Daryl Hunt, formerly Blazer leader and now Scoutmaster in the Dulles Branch, epitomizes the kind of teacher Sister Willis envisioned. In fulfilling his calling, Daryl goes by this attitude: “Each boy needs to have at least one person he knows who truly cares about him.”
When Daryl and his wife, LeAnn, planned an anniversary trip to the beach, for example, they took along Thanh Dao, as well as a few other boys to befriend him and help bring him back into activity. Daryl expresses gratitude for the support of his wife, who often remains with mothers in the branch, learning how to cook Asian food, while Daryl takes the sons to Scout meetings. (The Dulles Branch, which covers the entire stake, is composed largely of Asian refugees.)
Sith Kun Lon and Thanh Dao, leaders among the deacons in the branch, are just two whose lives have been touched by Brother Hunt. Now they are nearing Eagle rank in Scouting. Brother Hunt has moved with them and other boys from the Blazer level to Scouting.
Sith Kun Lon and Thanh Dao were among those children originally identified by Sister Willis as members who should be reached. So, too, was Ta Khammanivong. Ta has now moved into the Young Women program. But she learned to love the gospel and the scriptures through Primary attendance.
Ta carries a heavy load of responsibility at home. Because of her parents’ difficult work schedule, Ta must be sure that she and her younger brother and sister are ready for school or other activities each day. Often, her mother has allowed Ta to take her younger sister to Primary, but Ta was responsible for getting both of them ready to go on Sunday morning. She has been willing to make the needed sacrifice, and Primary leaders have been more than willing to provide not only the needed rides, but also personal attention to strengthen Ta and other children like her. Ta says the main reason she attended Primary was because “I love all the sisters” who teach there.
The Multiplier Effect
Members of the Oakton stake continue their efforts to activate members at every level. Sometimes, as in the case of Maira Duron, activating one person may mean bringing back others in the family as well.
With her husband, Sister Duron joined the Church in 1984. She enjoyed the blessings of the gospel, particularly opportunities to learn about our Savior and to fast and pray for Heavenly Father’s help. But when her marriage broke up, she felt ashamed to face her happily married friends in the Oakton Ward; somehow, she feared, she had not lived up to other Church members’ expectations. Since she also was working at night to support her two children, Sister Duron felt she was unable to attend church on Sunday mornings. She did not go to church for two years.
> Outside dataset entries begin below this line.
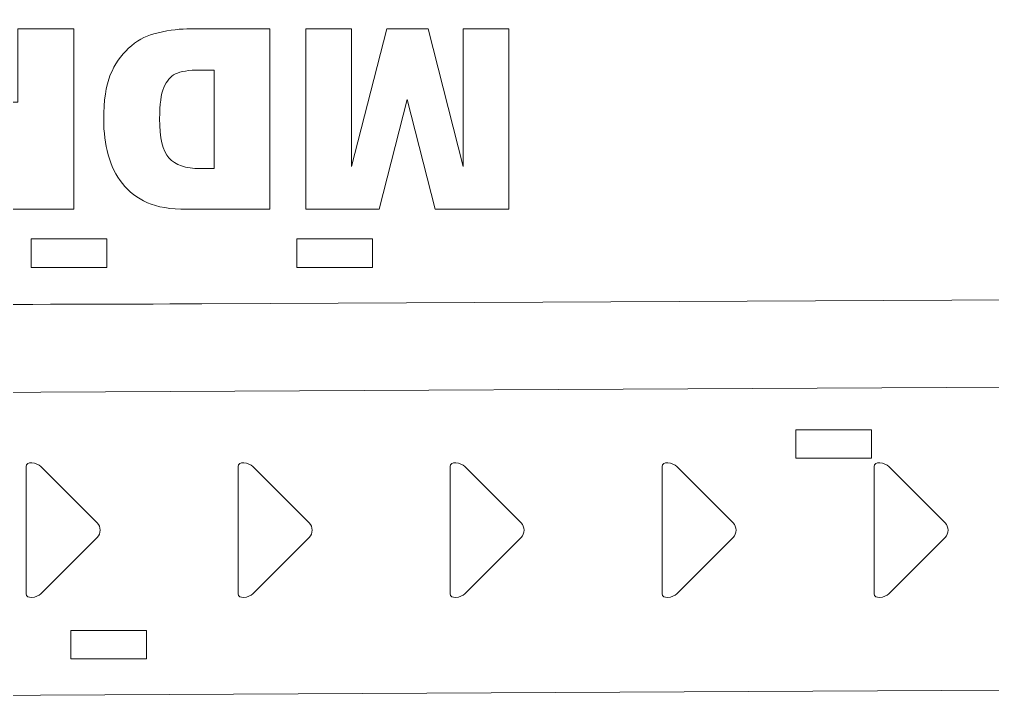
# Model space of a CAD drawing. Header units: millimetres. Extents: x -695 to 222, y -259 to 444.
# Drawn here: x -355.1 to -252.3, y -258.8 to -186.4 of the extents above; entities that cross this region are included whole.
import ezdxf

# ---------------------------------------------------------------- set-up
doc = ezdxf.new("R2010")
doc.units = ezdxf.units.MM
doc.header["$MEASUREMENT"] = 0
doc.layers.add('Camada 1', color=7, linetype='Continuous')

msp = doc.modelspace()

# ---------------------------------------------------------------- linework, layer by layer
at = {"layer": 'Camada 1', "color": 250, "lineweight": 20}
for points, knots in [([(-168.1532, -206.7775), (-168.1532, -206.7775), (-173.781, -197.0298), (-173.781, -197.0298), (-173.781, -197.0298), (-173.781, -197.0298), (-177.8976, -201.2842), (-177.8976, -201.2842), (-177.8976, -201.2842), (-177.8976, -201.2842), (-186.645, -186.038), (-186.645, -186.038), (-186.645, -186.038), (-186.645, -186.038), (-180.6945, -185.0553), (-180.6945, -185.0553), (-180.6945, -185.0553), (-180.6945, -185.0553), (-186.0386, -175.799), (-186.0386, -175.799), (-186.0386, -175.799), (-186.0386, -175.799), (-180.6945, -185.0553), (-180.6945, -185.0553), (-180.6945, -185.0553), (-180.6945, -185.0553), (-186.645, -186.038), (-186.645, -186.038), (-186.645, -186.038), (-186.645, -186.038), (-177.8976, -201.2842), (-177.8976, -201.2842), (-177.8976, -201.2842), (-177.8976, -201.2842), (-173.781, -197.0298), (-173.781, -197.0298), (-173.781, -197.0298), (-173.781, -197.0298), (-168.1532, -206.7775), (-168.1532, -206.7775), (-168.1532, -206.7775), (-168.1532, -206.7775), (-168.1534, -206.7776), (-168.1534, -206.7776), (-168.1534, -206.7776), (-168.1534, -206.7776), (-168.8332, -207.1871), (-168.8332, -207.1871), (-168.8332, -207.1871), (-187.9991, -217.4702), (-192.6435, -214.3594), (-213.3857, -215.7869), (-213.3857, -215.7869), (-213.3857, -215.7869), (-335.7947, -216.4142), (-335.7947, -216.4142), (-335.7947, -216.4142), (-371.615, -216.4144), (-423.8568, -217.0309), (-459.6766, -217.0313), (-459.6766, -217.0313), (-481.5903, -217.0313), (-485.9524, -216.4722), (-504.1308, -206.3937), (-504.1308, -206.3937), (-522.6191, -194.9366), (-522.2471, -189.3593), (-533.8546, -172.1098), (-533.8546, -172.1098), (-533.8546, -172.1098), (-595.6022, -66.414), (-595.6022, -66.414), (-595.6022, -66.414), (-613.5123, -35.3927), (-640.1675, 9.5415), (-658.0777, 40.5619), (-658.0777, 40.5619), (-668.8757, 59.2645), (-670.6806, 63.4776), (-671.0758, 83.486), (-671.0758, 83.486), (-671.0758, 83.486), (-671.0776, 83.5843), (-671.0776, 83.5843)], [0, 0, 0, 0, 0.04545455, 0.04545455, 0.04545455, 0.04545455, 0.09090909, 0.09090909, 0.09090909, 0.09090909, 0.13636364, 0.13636364, 0.13636364, 0.13636364, 0.18181818, 0.18181818, 0.18181818, 0.18181818, 0.22727273, 0.22727273, 0.22727273, 0.22727273, 0.27272727, 0.27272727, 0.27272727, 0.27272727, 0.31818182, 0.31818182, 0.31818182, 0.31818182, 0.36363636, 0.36363636, 0.36363636, 0.36363636, 0.40909091, 0.40909091, 0.40909091, 0.40909091, 0.45454545, 0.45454545, 0.45454545, 0.45454545, 0.5, 0.5, 0.5, 0.5, 0.54545455, 0.54545455, 0.54545455, 0.54545455, 0.59090909, 0.59090909, 0.59090909, 0.59090909, 0.63636364, 0.63636364, 0.63636364, 0.63636364, 0.68181818, 0.68181818, 0.68181818, 0.68181818, 0.72727273, 0.72727273, 0.72727273, 0.72727273, 0.77272727, 0.77272727, 0.77272727, 0.77272727, 0.81818182, 0.81818182, 0.81818182, 0.81818182, 0.86363636, 0.86363636, 0.86363636, 0.86363636, 0.90909091, 0.90909091, 0.90909091, 0.90909091, 1, 1, 1, 1]), ([(-345.8241, -212.5432), (-345.8241, -212.5432), (-353.8241, -212.5432), (-353.8241, -212.5432), (-353.8241, -212.5432), (-353.8241, -212.5432), (-353.8241, -209.5432), (-353.8241, -209.5432), (-353.8241, -209.5432), (-353.8241, -209.5432), (-345.8241, -209.5432), (-345.8241, -209.5432), (-345.8241, -209.5432), (-345.8241, -209.5432), (-345.8241, -212.5432), (-345.8241, -212.5432)], [0, 0, 0, 0, 0.2, 0.2, 0.2, 0.2, 0.4, 0.4, 0.4, 0.4, 0.6, 0.6, 0.6, 0.6, 1, 1, 1, 1]), ([(-317.7649, -212.5432), (-317.7649, -212.5432), (-325.7649, -212.5432), (-325.7649, -212.5432), (-325.7649, -212.5432), (-325.7649, -212.5432), (-325.7649, -209.5432), (-325.7649, -209.5432), (-325.7649, -209.5432), (-325.7649, -209.5432), (-317.7649, -209.5432), (-317.7649, -209.5432), (-317.7649, -209.5432), (-317.7649, -209.5432), (-317.7649, -212.5432), (-317.7649, -212.5432)], [0, 0, 0, 0, 0.2, 0.2, 0.2, 0.2, 0.4, 0.4, 0.4, 0.4, 0.6, 0.6, 0.6, 0.6, 1, 1, 1, 1])]:
    msp.add_open_spline(points, degree=3, knots=knots, dxfattribs=at)
at = {"layer": 'Camada 1', "color": 250, "lineweight": 9}
for points, knots in [([(-192.7146, -248.5511), (-211.8808, -258.8338), (-216.5248, -255.7231), (-237.2672, -257.1506), (-237.2672, -257.1506), (-237.2672, -257.1506), (-359.6761, -257.7777), (-359.6761, -257.7777), (-359.6761, -257.7777), (-395.4966, -257.7777), (-447.7383, -258.3947), (-483.5577, -258.3952), (-483.5577, -258.3952), (-505.4718, -258.3951), (-509.8345, -257.8361), (-528.0126, -247.7574), (-528.0126, -247.7574), (-546.5007, -236.3004), (-546.1288, -230.7228), (-557.7364, -213.4736), (-557.7364, -213.4736), (-557.7364, -213.4736), (-619.4839, -107.7779), (-619.4839, -107.7779), (-619.4839, -107.7779), (-637.3942, -76.7566), (-664.0489, -31.8223), (-681.9594, -0.8017), (-681.9594, -0.8017), (-692.7749, 17.9316), (-694.5677, 22.1287), (-694.959, 42.2223), (-694.959, 42.2223), (-694.959, 42.2223), (-683.7034, 42.2222), (-683.7034, 42.2222), (-683.7034, 42.2222), (-683.7034, 42.2222), (-685.3295, 47.9145), (-685.3295, 47.9145), (-685.3295, 47.9145), (-685.3295, 47.9145), (-667.7522, 47.8669), (-667.7522, 47.8669), (-667.7522, 47.8669), (-667.7522, 47.8669), (-669.8764, 42.2223), (-669.8764, 42.2223), (-669.8764, 42.2223), (-669.8764, 42.2223), (-659.1882, 42.2222), (-659.1882, 42.2222), (-659.1882, 42.2222), (-659.1882, 42.2222), (-669.8764, 42.2223), (-669.8764, 42.2223), (-669.8764, 42.2223), (-669.8764, 42.2223), (-667.7522, 47.8669), (-667.7522, 47.8669), (-667.7522, 47.8669), (-667.7522, 47.8669), (-685.3295, 47.9145), (-685.3295, 47.9145), (-685.3295, 47.9145), (-685.3295, 47.9145), (-683.7034, 42.2222), (-683.7034, 42.2222), (-683.7034, 42.2222), (-683.7034, 42.2222), (-694.959, 42.2223), (-694.959, 42.2223), (-694.959, 42.2223), (-694.959, 42.2223), (-694.959, 42.2225), (-694.959, 42.2225)], [0, 0, 0, 0, 0.05, 0.05, 0.05, 0.05, 0.1, 0.1, 0.1, 0.1, 0.15, 0.15, 0.15, 0.15, 0.2, 0.2, 0.2, 0.2, 0.25, 0.25, 0.25, 0.25, 0.3, 0.3, 0.3, 0.3, 0.35, 0.35, 0.35, 0.35, 0.4, 0.4, 0.4, 0.4, 0.45, 0.45, 0.45, 0.45, 0.5, 0.5, 0.5, 0.5, 0.55, 0.55, 0.55, 0.55, 0.6, 0.6, 0.6, 0.6, 0.65, 0.65, 0.65, 0.65, 0.7, 0.7, 0.7, 0.7, 0.75, 0.75, 0.75, 0.75, 0.8, 0.8, 0.8, 0.8, 0.85, 0.85, 0.85, 0.85, 0.9, 0.9, 0.9, 0.9, 1, 1, 1, 1]), ([(-659.189, 42.2652), (-659.189, 42.2652), (-659.1882, 42.2222), (-659.1882, 42.2222), (-659.1882, 42.2222), (-658.8385, 24.2724), (-657.2373, 20.5231), (-647.5755, 3.7885), (-647.5755, 3.7885), (-631.576, -23.9227), (-607.7649, -64.0629), (-591.7655, -91.7747), (-591.7655, -91.7747), (-591.7655, -91.7747), (-536.6058, -186.1938), (-536.6058, -186.1938), (-536.6058, -186.1938), (-526.2366, -201.6028), (-526.5689, -206.5854), (-510.0531, -216.82), (-510.0531, -216.82), (-493.8143, -225.8234), (-489.9173, -226.3228), (-470.3411, -226.3228), (-470.3411, -226.3228), (-438.3431, -226.3225), (-391.6749, -225.7713), (-359.6762, -225.7713), (-359.6762, -225.7713), (-359.6762, -225.7713), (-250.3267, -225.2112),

Maira Duron is deeply grateful for the loving visiting teacher who sent the missionaries to her home again. The missionaries encouraged her to come back to church, and Sister Duron knew she must do so. She needed the opportunity to learn about the gospel and to be close to the Spirit of the Lord again. She prayed for courage and told herself, “It’s not the people I’m going to see, it’s for me and my children.”
The people, however, welcomed her back warmly. They were happy to see her enjoying all the blessings of the gospel as she had before. She faces them confidently now because they have shown her the depth of their love, and she knows they will not let her down.